No. 2,410,644 describes tetramethylammonium betaine iodide and diaminobutane dihydrochloride, and US Pat. No. 3,506,444 describes organic compounds containing amino acids such as urea and 6-aminocaproic acid, which are useful. In the present invention, those having a pka value of 8 or more are particularly useful. Examples of base precursors include salts of organic acids and bases that decompose by decarboxylation upon heating, compounds that decompose through Lothsen rearrangement, Betzmann rearrangement, etc. and release amines, and those that cause various reactions upon heating to release bases. used. Preferred base precursors include the aforementioned organic base precursors. Examples include salts with thermally decomposable organic acids such as trichloroacetic acid, trifluoroacetic acid, propiols, cyanoacetic acid, sulfonylacetic acid, and acetoacetic acid, and salts with 2-carboxycarboxamide described in US Pat. No. 4,088,496. Preferred specific examples of base precursors are shown below. Examples of compounds whose acid moieties are thought to decarboxylate and release a base include the following: Examples of trichloroacetic acid derivatives include guanidine trichloroacetic acid, piperidine trichloroacetic acid, morpholine trichloroacetic acid, p-toluidine trichloroacetic acid, 2-picoline trichloroacetic acid, and the like.

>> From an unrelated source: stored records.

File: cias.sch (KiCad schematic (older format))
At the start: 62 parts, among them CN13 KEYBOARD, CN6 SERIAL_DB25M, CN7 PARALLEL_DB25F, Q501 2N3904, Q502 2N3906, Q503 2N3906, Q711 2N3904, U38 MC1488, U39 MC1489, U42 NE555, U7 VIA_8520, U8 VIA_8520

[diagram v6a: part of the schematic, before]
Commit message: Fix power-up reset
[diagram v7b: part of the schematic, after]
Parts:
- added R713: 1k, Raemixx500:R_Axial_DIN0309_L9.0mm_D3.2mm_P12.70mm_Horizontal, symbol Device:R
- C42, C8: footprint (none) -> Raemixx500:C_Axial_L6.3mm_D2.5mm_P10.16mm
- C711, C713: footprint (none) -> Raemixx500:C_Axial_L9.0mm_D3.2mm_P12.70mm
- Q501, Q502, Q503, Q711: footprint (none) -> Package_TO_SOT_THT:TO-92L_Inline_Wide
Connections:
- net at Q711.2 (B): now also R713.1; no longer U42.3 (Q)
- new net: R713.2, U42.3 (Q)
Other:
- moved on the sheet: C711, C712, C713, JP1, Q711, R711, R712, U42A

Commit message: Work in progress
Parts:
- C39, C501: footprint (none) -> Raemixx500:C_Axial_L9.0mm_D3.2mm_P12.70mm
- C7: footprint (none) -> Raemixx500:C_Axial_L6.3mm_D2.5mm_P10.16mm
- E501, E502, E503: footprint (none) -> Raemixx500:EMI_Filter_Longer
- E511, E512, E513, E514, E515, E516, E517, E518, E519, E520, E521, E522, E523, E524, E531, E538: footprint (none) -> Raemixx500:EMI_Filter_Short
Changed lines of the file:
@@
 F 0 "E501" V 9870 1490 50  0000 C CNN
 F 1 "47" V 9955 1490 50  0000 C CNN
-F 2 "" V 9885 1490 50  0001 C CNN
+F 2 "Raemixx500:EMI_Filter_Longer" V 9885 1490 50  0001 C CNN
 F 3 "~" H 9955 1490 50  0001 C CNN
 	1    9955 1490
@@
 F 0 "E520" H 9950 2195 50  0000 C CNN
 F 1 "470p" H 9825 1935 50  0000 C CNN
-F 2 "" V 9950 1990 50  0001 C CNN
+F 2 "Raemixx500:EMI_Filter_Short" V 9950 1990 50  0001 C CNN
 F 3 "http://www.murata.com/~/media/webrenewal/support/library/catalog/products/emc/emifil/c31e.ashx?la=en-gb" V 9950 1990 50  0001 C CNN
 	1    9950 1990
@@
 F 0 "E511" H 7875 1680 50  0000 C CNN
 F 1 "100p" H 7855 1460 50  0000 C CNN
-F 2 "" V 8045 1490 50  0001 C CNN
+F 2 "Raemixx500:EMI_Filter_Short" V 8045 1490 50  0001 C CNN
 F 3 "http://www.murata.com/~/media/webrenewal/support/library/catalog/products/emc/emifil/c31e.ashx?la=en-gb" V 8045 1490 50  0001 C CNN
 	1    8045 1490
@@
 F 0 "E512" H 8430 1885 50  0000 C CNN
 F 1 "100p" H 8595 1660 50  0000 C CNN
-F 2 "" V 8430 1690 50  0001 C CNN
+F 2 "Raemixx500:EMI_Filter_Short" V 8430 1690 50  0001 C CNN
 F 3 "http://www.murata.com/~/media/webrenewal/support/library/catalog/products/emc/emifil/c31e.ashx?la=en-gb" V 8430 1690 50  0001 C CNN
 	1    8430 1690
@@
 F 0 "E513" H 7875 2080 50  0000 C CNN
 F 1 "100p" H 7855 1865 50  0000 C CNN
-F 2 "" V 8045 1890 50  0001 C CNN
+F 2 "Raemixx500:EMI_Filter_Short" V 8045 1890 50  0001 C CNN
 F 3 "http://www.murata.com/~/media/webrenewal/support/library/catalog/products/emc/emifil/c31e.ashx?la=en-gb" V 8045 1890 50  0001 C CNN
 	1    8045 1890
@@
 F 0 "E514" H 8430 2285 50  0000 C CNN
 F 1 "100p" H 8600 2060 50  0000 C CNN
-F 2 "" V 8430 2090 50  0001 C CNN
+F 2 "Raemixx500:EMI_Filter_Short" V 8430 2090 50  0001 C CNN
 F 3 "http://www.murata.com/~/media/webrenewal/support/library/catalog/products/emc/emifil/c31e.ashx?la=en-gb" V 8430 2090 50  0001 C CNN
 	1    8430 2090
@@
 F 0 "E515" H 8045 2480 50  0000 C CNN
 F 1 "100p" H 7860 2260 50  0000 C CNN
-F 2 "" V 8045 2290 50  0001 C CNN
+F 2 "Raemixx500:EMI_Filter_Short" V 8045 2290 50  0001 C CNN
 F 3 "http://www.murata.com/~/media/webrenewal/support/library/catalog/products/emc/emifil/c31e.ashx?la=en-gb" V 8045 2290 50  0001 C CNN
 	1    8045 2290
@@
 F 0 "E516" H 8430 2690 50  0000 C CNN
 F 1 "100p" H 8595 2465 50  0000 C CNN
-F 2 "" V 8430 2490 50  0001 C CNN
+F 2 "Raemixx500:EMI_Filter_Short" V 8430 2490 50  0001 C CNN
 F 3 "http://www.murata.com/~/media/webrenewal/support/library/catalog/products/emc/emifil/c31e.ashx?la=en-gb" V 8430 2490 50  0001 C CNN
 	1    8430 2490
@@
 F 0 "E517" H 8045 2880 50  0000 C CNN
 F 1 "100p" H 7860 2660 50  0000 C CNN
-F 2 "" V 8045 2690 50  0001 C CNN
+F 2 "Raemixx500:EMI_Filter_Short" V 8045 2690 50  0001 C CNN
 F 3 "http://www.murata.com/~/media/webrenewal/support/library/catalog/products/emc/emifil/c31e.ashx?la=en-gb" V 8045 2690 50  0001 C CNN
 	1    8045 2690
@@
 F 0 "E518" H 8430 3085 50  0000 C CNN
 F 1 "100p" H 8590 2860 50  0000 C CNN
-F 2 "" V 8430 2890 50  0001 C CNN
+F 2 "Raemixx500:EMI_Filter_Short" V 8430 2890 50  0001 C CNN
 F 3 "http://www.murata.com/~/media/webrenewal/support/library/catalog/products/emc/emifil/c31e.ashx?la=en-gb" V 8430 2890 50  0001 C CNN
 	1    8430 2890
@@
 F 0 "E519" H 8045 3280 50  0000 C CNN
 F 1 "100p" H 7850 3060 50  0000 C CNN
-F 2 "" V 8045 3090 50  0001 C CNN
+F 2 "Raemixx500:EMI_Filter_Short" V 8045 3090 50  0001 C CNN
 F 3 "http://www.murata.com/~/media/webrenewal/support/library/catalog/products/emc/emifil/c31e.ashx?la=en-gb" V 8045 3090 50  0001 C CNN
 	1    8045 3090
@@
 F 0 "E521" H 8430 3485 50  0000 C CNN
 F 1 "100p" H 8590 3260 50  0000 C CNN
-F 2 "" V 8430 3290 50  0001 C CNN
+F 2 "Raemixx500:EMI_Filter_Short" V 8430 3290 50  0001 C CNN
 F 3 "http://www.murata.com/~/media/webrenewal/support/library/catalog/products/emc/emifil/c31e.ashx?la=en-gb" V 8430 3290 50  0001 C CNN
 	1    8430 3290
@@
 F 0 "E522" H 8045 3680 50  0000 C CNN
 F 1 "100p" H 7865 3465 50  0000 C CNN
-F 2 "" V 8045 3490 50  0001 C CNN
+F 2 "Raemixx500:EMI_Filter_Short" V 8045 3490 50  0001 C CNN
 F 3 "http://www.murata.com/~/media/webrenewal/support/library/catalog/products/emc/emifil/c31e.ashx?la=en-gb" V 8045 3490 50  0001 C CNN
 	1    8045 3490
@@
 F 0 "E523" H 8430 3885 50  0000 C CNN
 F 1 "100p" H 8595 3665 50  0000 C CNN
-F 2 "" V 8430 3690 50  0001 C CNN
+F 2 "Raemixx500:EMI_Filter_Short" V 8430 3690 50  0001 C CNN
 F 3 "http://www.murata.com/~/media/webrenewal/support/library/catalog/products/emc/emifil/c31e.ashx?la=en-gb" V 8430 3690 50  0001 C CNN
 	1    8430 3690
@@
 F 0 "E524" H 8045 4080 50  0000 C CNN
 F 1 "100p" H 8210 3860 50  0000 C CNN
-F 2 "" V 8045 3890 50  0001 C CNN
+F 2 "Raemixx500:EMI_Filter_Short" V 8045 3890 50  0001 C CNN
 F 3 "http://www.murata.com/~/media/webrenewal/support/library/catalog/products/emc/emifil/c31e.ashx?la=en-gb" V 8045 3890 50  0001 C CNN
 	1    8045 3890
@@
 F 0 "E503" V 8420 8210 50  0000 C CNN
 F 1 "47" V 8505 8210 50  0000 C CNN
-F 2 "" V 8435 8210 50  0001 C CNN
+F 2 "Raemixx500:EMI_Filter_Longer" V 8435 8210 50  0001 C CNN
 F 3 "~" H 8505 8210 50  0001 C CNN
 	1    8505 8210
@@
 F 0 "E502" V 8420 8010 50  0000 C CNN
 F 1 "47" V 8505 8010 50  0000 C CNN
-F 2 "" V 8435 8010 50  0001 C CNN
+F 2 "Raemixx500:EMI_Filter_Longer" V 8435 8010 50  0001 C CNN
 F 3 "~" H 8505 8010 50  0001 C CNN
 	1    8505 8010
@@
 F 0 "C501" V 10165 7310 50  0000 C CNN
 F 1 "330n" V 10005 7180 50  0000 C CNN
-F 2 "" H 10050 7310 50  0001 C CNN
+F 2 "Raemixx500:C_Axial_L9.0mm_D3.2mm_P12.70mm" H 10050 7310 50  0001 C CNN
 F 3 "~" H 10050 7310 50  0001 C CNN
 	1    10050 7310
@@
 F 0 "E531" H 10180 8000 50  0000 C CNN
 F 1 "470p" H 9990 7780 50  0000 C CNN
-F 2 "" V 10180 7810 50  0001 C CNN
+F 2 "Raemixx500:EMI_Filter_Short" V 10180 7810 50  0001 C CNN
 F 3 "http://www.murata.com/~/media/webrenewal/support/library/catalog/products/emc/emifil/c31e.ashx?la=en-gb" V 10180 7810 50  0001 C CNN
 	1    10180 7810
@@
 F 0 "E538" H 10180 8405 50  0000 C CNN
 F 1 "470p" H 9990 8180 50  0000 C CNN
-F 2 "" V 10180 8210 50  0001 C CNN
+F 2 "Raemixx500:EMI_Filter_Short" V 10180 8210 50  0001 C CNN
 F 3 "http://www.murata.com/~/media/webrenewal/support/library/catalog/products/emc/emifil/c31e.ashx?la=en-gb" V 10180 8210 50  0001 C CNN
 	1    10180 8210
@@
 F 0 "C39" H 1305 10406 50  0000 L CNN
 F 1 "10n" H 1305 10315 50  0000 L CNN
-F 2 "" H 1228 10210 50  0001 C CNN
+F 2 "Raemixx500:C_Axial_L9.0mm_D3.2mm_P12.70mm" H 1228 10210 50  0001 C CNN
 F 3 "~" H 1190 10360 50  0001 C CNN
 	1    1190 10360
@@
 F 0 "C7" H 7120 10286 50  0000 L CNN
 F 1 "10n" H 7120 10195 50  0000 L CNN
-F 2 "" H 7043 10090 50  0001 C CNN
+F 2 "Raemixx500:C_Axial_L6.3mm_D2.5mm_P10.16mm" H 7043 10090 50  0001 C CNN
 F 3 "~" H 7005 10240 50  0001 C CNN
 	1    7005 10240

Other UK Patent No. 998945, US Patent No.
Base precursors described in No. 3220846, JP-A-50-22625, etc. can be used. Examples of compounds other than trichloroacetic acid include the 2-carboxycarboxamide derivatives described in U.S. Pat. No. 4,088,496, and the α-
Examples include sulfonia acetate derivatives and salts of propiolic acid derivatives and bases described in JP-A-59-180537. In addition to organic bases, salts using alkali metals or alkaline earth metals as base components are also effective and are described in JP-A-59-195237. Precursors other than those mentioned above include hydroxamic carbamates described in JP-A-59-168440 that utilize lotusene rearrangement, and JP-A-59-1 that produces nitriles.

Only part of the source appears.